▶ Directions for this task: Go through the entries and count the lines with the string "linetype" in them. Give only that number.

┄┄┄┄┄┄

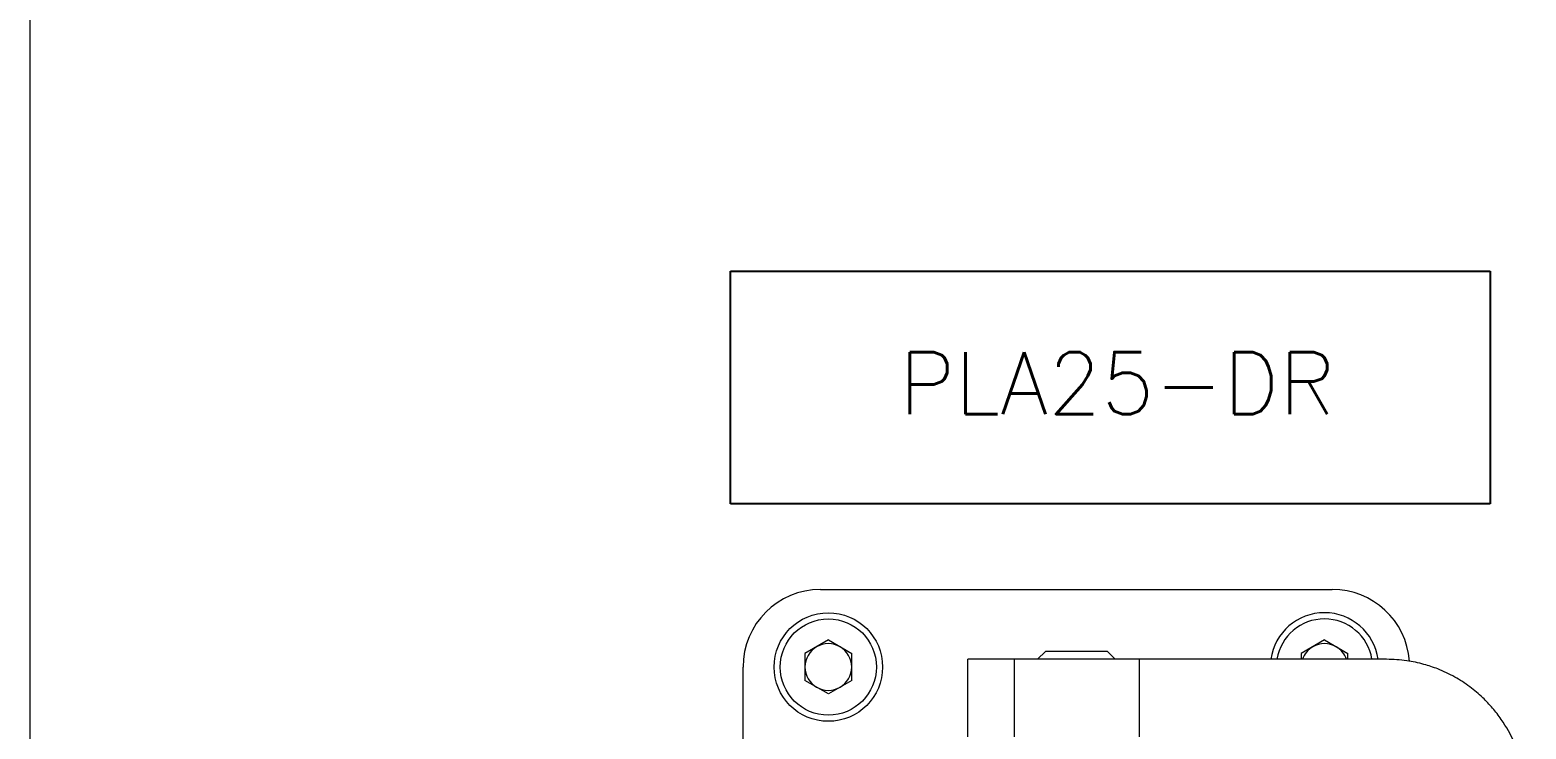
# Model space of a CAD drawing. Extents: x 4137 to 28680, y 2446 to 6814.
# Drawn here: x 16554.2 to 16675.8, y 4672.6 to 4729.4 of the extents above; entities that cross this region are included whole.
import ezdxf
from ezdxf.enums import TextEntityAlignment as Align

# ---------------------------------------------------------------- set-up
doc = ezdxf.new("R2010")
doc.units = 0
doc.header["$LTSCALE"] = 0.5
doc.layers.get('0').update_dxf_attribs({"linetype": 'CONTINUOUS'})
doc.styles.get("Standard").update_dxf_attribs({"font": 'simplex.shx'})

msp = doc.modelspace()

# ---------------------------------------------------------------- linework, layer by layer
at = {"color": 7, "linetype": 'Continuous', "lineweight": 15}
for p, q in [((16554.22, 4886.8), (16554.22, 4508.8)), ((16554.22, 4886.8), (16554.22, 4508.8)), ((16618.48, 4683.94), (16660.06, 4683.94)), ((16618.48, 4683.94), (16660.06, 4683.94)), ((16619.11, 4679.84), (16617.21, 4678.74)), ((16619.11, 4679.84), (16617.21, 4678.74)), ((16619.11, 4679.84), (16621.02, 4678.74)), ((16619.11, 4679.84), (16621.02, 4678.74)), ((16636.76, 4678.91), (16636.12, 4678.27)), ((16636.76, 4678.91), (16636.12, 4678.27)), ((16641.79, 4678.9), (16636.75, 4678.9)), ((16641.79, 4678.9), (16636.75, 4678.9)), ((16642.42, 4678.27), (16641.79, 4678.91)), ((16642.42, 4678.27), (16641.79, 4678.91)), ((16659.43, 4679.84), (16657.53, 4678.74)), ((16659.43, 4679.84), (16657.53, 4678.74)), ((16659.43, 4679.84), (16661.34, 4678.74)), ((16659.43, 4679.84), (16661.34, 4678.74)), ((16612.18, 4661.89), (16612.18, 4677.64)), ((16612.18, 4661.89), (16612.18, 4677.64)), ((16617.21, 4678.74), (16617.21, 4676.54)), ((16617.21, 4678.74), (16617.21, 4676.54)), ((16621.02, 4676.54), (16621.02, 4678.74)), ((16621.02, 4676.54), (16621.02, 4678.74)), ((16630.45, 4678.28), (16630.45, 4678.27)), ((16630.45, 4678.28), (16630.45, 4678.27)), ((16630.45, 4671.97), (16630.45, 4678.27)), ((16630.45, 4671.97), (16630.45, 4678.27)), ((16634.23, 4671.97), (16634.23, 4678.27)), ((16644.41, 4678.27), (16634.23, 4678.27)), ((16634.23, 4671.97), (16634.23, 4678.27)), ((16644.41, 4678.27), (16634.23, 4678.27)), ((16644.41, 4671.97), (16644.41, 4678.27)), ((16664.47, 4678.27), (16644.41, 4678.27)), ((16644.41, 4671.97), (16644.41, 4678.27)), ((16664.47, 4678.27), (16644.41, 4678.27)), ((16657.53, 4678.74), (16657.53, 4678.27)), ((16657.53, 4678.74), (16657.53, 4678.27)), ((16661.34, 4678.27), (16661.34, 4678.74)), ((16661.34, 4678.27), (16661.34, 4678.74)), ((16619.11, 4675.45), (16617.21, 4676.54)), ((16619.11, 4675.45), (16617.21, 4676.54)), ((16621.02, 4676.54), (16619.11, 4675.45)), ((16621.02, 4676.54), (16619.11, 4675.45))]:
    msp.add_line(p, q, dxfattribs=at)
for p, q in [((16611.15, 4709.8), (16672.89, 4709.8)), ((16611.15, 4690.9), (16611.15, 4709.8)), ((16611.15, 4709.8), (16672.89, 4709.8)), ((16611.15, 4690.9), (16611.15, 4709.8)), ((16672.89, 4709.8), (16672.89, 4690.9)), ((16672.89, 4709.8), (16672.89, 4690.9)), ((16672.89, 4690.9), (16611.15, 4690.9)), ((16672.89, 4690.9), (16611.15, 4690.9))]:
    msp.add_line(p, q)
for radius in [4.41, 4.41, 3.91, 3.91]:
    msp.add_circle((16619.11, 4677.64), radius, dxfattribs=at)
for centre, radius, start, end in [((16618.48, 4677.64), 6.3, 90, 180), ((16618.48, 4677.64), 6.3, 90, 180), ((16660.06, 4677.64), 6.3, 4.4411, 90), ((16660.06, 4677.64), 6.3, 4.4411, 90), ((16659.43, 4677.64), 4.41, 8.2132, 171.7868), ((16659.43, 4677.64), 4.41, 8.2132, 171.7868), ((16619.11, 4677.64), 1.9, 120, 180), ((16619.11, 4677.64), 1.9, 120, 180), ((16619.11, 4677.64), 1.9, 60, 120), ((16619.11, 4677.64), 1.9, 60, 120), ((16619.11, 4677.64), 1.9, 0, 60), ((16619.11, 4677.64), 1.9, 0, 60), ((16659.43, 4677.64), 1.9, 120, 160.6629), ((16659.43, 4677.64), 1.9, 120, 160.6629), ((16659.43, 4677.64), 1.9, 60, 120), ((16659.43, 4677.64), 1.9, 60, 120), ((16659.43, 4677.64), 1.9, 19.3371, 60), ((16659.43, 4677.64), 1.9, 19.3371, 60), ((16619.11, 4677.64), 1.9, 180, 240), ((16619.11, 4677.64), 1.9, 180, 240), ((16619.11, 4677.64), 1.9, 300, 0), ((16619.11, 4677.64), 1.9, 300, 0), ((16619.11, 4677.64), 1.9, 240, 300), ((16619.11, 4677.64), 1.9, 240, 300)]:
    msp.add_arc(centre, radius, start, end, dxfattribs=at)
at = {"color": 8, "linetype": 'Continuous', "lineweight": 15}
msp.add_arc((16659.43, 4677.64), 3.91, 9.2818, 170.7182, dxfattribs=at)
msp.add_arc((16659.43, 4677.64), 3.91, 9.2818, 170.7182, dxfattribs=at)
at = {"color": 7, "linetype": 'Continuous', "lineweight": 15}
for points, knots in [([(16634.23, 4678.27), (16633.74, 4678.27), (16632.75, 4678.27), (16631.5, 4678.27), (16630.62, 4678.27), (16630.51, 4678.27), (16630.45, 4678.27)], [0, 0, 0, 0, 0.25, 0.5, 0.750001, 1, 1, 1, 1]), ([(16634.23, 4678.27), (16633.74, 4678.27), (16632.75, 4678.27), (16631.5, 4678.27), (16630.62, 4678.27), (16630.51, 4678.27), (16630.45, 4678.27)], [0, 0, 0, 0, 0.25, 0.5, 0.750001, 1, 1, 1, 1]), ([(16675.81, 4666.93), (16675.77, 4667.7), (16675.68, 4669.27), (16674.95, 4671.47), (16674.02, 4673.13), (16673.1, 4674.32), (16672.25, 4675.22), (16671.23, 4676.08), (16670.01, 4676.87), (16668.75, 4677.47), (16667.44, 4677.9), (16666.05, 4678.21), (16665.03, 4678.25), (16664.47, 4678.27)], [0, 0, 0, 0, 0.123485, 0.2497094, 0.3705494, 0.4348736, 0.4998427, 0.5779277, 0.6613773, 0.7498939, 0.8190889, 0.9025817, 1, 1, 1, 1]), ([(16675.81, 4666.93), (16675.77, 4667.7), (16675.68, 4669.27), (16674.95, 4671.47), (16674.02, 4673.13), (16673.1, 4674.32), (16672.25, 4675.22), (16671.23, 4676.08), (16670.01, 4676.87), (16668.75, 4677.47), (16667.44, 4677.9), (16666.05, 4678.21), (16665.03, 4678.25), (16664.47, 4678.27)], [0, 0, 0, 0, 0.123485, 0.2497094, 0.3705494, 0.4348736, 0.4998427, 0.5779277, 0.6613773, 0.7498939, 0.8190889, 0.9025817, 1, 1, 1, 1])]:
    msp.add_open_spline(points, degree=3, knots=knots, dxfattribs=at)

# ---------------------------------------------------------------- texts
msp.add_text('PLA25-DR', height=5.04).set_placement((16642.58, 4698.18), align=Align.CENTER)
msp.add_text('PLA25-DR', height=5.04).set_placement((16642.58, 4698.18), align=Align.CENTER)

doc.saveas('drawing.dxf')

┄┄┄┄┄┄

▶ Finished exercise: 4